Reproduce the records below exactly, but only between the lines holding "doc.styles.add('ISOCPEUR', font='isocpeur.ttf')" and "(250, -7e-14), [])]", inclusive.

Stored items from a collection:
== == ==

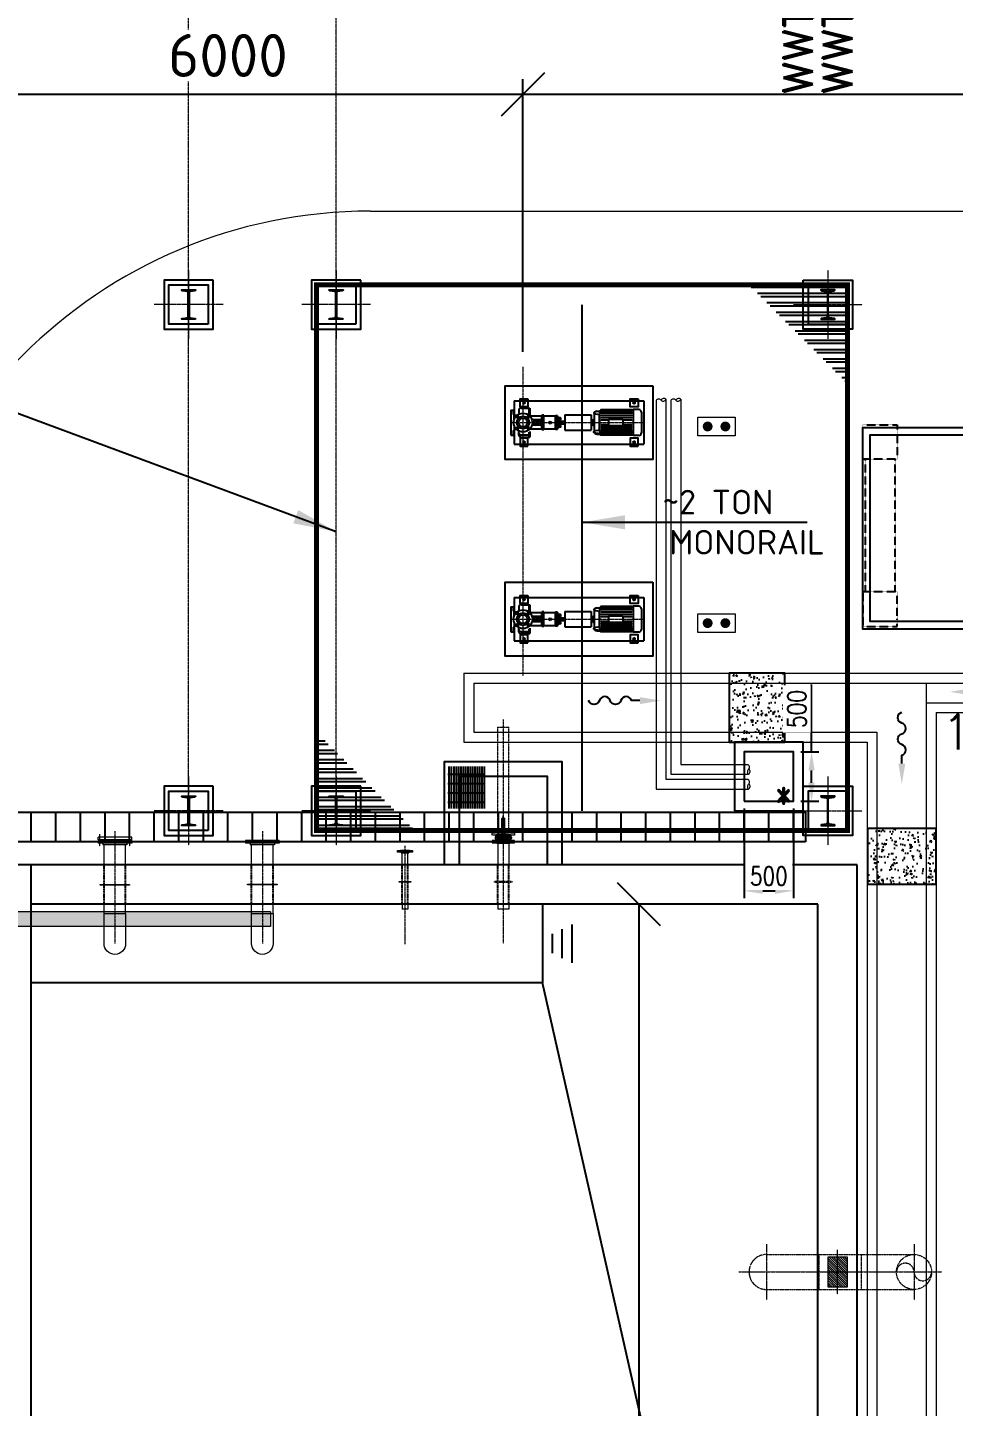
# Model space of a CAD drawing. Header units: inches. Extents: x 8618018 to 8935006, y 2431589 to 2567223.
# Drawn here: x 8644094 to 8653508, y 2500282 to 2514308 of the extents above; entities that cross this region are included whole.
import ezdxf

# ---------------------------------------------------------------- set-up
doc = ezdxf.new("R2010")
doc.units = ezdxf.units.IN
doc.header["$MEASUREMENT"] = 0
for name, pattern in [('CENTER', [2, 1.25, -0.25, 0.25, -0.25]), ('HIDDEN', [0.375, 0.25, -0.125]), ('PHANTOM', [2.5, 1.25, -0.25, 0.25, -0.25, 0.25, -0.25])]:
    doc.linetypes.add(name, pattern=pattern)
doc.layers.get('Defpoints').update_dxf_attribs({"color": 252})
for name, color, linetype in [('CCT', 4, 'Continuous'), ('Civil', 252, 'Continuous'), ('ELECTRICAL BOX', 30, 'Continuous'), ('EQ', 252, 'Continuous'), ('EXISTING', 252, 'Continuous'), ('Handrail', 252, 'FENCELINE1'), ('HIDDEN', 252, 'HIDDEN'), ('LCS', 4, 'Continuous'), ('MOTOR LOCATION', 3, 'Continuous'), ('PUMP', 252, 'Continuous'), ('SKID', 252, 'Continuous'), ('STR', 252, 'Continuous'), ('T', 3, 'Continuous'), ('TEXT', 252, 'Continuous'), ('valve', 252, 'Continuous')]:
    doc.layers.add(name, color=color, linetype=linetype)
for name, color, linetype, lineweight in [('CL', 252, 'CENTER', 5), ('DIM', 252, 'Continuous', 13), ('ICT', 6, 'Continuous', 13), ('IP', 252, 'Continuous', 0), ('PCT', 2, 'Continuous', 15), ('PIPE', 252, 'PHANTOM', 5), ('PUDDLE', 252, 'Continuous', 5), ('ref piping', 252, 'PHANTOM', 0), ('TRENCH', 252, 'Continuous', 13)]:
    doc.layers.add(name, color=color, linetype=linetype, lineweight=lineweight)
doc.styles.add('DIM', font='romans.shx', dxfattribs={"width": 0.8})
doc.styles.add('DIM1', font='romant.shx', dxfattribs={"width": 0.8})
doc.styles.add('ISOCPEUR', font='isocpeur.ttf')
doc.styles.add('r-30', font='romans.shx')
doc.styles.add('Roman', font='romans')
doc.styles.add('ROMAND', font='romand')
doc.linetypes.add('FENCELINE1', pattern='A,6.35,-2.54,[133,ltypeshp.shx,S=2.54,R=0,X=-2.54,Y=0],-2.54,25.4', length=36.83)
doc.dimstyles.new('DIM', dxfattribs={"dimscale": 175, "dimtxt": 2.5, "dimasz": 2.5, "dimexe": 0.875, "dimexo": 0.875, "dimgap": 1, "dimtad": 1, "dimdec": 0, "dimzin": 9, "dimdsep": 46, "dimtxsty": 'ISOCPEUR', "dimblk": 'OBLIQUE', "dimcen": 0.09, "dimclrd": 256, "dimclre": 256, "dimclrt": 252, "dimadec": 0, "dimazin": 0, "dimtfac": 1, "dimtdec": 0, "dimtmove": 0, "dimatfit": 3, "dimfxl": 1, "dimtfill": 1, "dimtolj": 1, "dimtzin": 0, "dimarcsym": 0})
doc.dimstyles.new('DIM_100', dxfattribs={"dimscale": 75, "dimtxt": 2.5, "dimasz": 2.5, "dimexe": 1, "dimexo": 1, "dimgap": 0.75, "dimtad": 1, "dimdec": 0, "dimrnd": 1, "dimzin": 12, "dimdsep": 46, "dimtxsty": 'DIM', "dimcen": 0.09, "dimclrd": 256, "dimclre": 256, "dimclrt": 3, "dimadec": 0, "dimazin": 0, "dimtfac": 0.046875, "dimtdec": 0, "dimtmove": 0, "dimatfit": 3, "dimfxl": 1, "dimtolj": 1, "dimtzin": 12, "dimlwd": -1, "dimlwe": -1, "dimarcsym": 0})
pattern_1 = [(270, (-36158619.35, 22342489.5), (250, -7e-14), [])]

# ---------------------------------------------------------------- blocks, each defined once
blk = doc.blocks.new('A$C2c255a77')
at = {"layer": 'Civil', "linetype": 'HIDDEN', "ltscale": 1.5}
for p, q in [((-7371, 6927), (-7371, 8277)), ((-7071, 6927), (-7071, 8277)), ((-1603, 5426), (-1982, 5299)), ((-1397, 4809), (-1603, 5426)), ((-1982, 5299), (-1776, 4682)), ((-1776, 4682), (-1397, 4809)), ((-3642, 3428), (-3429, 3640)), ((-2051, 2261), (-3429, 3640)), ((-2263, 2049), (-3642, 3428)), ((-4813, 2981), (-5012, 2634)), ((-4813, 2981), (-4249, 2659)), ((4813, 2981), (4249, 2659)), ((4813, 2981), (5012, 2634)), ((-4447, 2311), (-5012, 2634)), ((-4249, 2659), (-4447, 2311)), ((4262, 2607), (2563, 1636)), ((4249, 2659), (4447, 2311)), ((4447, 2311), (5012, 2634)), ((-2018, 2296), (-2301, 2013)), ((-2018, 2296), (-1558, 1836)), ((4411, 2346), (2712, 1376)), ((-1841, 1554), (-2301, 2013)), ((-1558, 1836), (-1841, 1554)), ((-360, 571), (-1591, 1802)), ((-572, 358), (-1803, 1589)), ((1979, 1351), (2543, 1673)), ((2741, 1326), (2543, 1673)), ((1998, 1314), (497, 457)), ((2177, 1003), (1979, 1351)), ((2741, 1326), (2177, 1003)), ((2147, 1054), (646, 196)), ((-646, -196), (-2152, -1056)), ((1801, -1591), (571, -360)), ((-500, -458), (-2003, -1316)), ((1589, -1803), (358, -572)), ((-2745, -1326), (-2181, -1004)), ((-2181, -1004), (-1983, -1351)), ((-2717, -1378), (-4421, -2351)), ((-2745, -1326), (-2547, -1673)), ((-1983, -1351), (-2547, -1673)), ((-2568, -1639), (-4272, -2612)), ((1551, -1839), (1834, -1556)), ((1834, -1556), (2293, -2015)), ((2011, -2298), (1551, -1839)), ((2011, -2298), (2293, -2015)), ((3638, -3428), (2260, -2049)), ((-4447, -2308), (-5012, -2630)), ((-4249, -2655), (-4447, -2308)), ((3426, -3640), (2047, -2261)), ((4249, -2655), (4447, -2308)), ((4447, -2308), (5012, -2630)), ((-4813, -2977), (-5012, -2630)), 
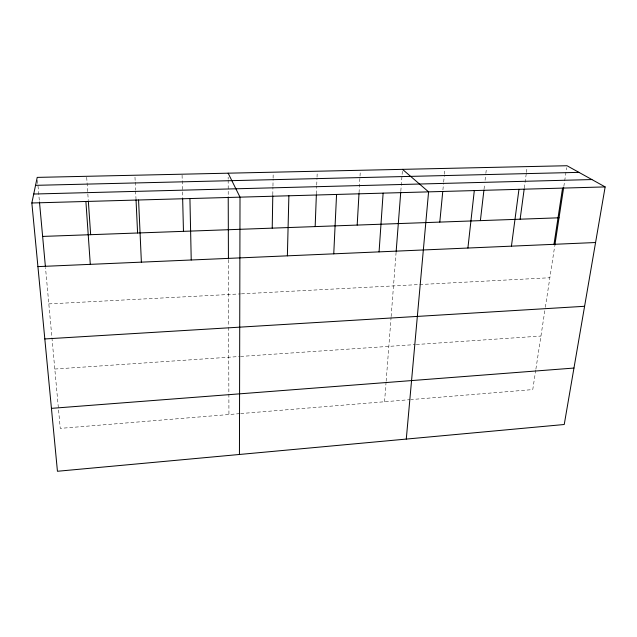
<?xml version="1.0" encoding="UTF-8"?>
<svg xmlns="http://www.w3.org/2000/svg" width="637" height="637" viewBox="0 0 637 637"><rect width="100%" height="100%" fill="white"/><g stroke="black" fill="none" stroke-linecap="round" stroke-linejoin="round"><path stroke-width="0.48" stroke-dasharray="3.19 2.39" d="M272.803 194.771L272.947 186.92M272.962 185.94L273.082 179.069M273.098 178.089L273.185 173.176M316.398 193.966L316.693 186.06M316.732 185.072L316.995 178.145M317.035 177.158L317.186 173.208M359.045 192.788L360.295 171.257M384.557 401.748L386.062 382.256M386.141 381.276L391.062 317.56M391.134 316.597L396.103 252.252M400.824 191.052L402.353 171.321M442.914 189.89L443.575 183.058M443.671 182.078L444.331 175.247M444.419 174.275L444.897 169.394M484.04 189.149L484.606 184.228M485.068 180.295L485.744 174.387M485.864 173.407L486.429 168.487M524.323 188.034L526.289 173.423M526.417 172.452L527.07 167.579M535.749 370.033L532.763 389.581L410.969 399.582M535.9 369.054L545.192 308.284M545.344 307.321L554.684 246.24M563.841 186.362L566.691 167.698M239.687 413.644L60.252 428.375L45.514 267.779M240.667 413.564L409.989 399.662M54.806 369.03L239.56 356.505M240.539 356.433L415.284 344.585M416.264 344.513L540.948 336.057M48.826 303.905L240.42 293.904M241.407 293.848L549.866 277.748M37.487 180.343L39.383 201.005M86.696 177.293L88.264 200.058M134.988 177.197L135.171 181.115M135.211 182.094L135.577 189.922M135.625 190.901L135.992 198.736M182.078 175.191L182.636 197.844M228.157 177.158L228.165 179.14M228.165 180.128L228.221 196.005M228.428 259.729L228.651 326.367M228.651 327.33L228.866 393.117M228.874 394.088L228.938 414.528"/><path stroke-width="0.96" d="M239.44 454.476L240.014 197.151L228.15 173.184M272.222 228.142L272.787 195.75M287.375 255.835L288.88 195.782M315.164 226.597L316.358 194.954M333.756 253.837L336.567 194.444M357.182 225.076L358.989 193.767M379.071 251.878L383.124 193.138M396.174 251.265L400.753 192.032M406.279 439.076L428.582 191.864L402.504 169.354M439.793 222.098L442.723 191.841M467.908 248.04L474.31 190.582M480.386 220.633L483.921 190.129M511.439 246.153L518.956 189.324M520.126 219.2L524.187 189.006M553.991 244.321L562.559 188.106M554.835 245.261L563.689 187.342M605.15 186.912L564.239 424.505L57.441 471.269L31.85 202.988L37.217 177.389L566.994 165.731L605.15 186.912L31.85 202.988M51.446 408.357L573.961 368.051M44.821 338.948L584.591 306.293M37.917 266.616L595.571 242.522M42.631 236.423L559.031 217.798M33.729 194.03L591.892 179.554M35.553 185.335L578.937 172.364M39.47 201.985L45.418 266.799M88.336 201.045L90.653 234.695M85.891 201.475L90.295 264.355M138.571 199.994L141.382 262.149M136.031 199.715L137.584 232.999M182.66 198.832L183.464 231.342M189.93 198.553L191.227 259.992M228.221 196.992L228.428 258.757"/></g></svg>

== == ==

Exercise output:
doc.styles.add('ISOCPEUR', font='isocpeur.ttf')
doc.styles.add('r-30', font='romans.shx')
doc.styles.add('Roman', font='romans')
doc.styles.add('ROMAND', font='romand')
doc.linetypes.add('FENCELINE1', pattern='A,6.35,-2.54,[133,ltypeshp.shx,S=2.54,R=0,X=-2.54,Y=0],-2.54,25.4', length=36.83)
doc.dimstyles.new('DIM', dxfattribs={"dimscale": 175, "dimtxt": 2.5, "dimasz": 2.5, "dimexe": 0.875, "dimexo": 0.875, "dimgap": 1, "dimtad": 1, "dimdec": 0, "dimzin": 9, "dimdsep": 46, "dimtxsty": 'ISOCPEUR', "dimblk": 'OBLIQUE', "dimcen": 0.09, "dimclrd": 256, "dimclre": 256, "dimclrt": 252, "dimadec": 0, "dimazin": 0, "dimtfac": 1, "dimtdec": 0, "dimtmove": 0, "dimatfit": 3, "dimfxl": 1, "dimtfill": 1, "dimtolj": 1, "dimtzin": 0, "dimarcsym": 0})
doc.dimstyles.new('DIM_100', dxfattribs={"dimscale": 75, "dimtxt": 2.5, "dimasz": 2.5, "dimexe": 1, "dimexo": 1, "dimgap": 0.75, "dimtad": 1, "dimdec": 0, "dimrnd": 1, "dimzin": 12, "dimdsep": 46, "dimtxsty": 'DIM', "dimcen": 0.09, "dimclrd": 256, "dimclre": 256, "dimclrt": 3, "dimadec": 0, "dimazin": 0, "dimtfac": 0.046875, "dimtdec": 0, "dimtmove": 0, "dimatfit": 3, "dimfxl": 1, "dimtolj": 1, "dimtzin": 12, "dimlwd": -1, "dimlwe": -1, "dimarcsym": 0})
pattern_1 = [(270, (-36158619.35, 22342489.5), (250, -7e-14), [])]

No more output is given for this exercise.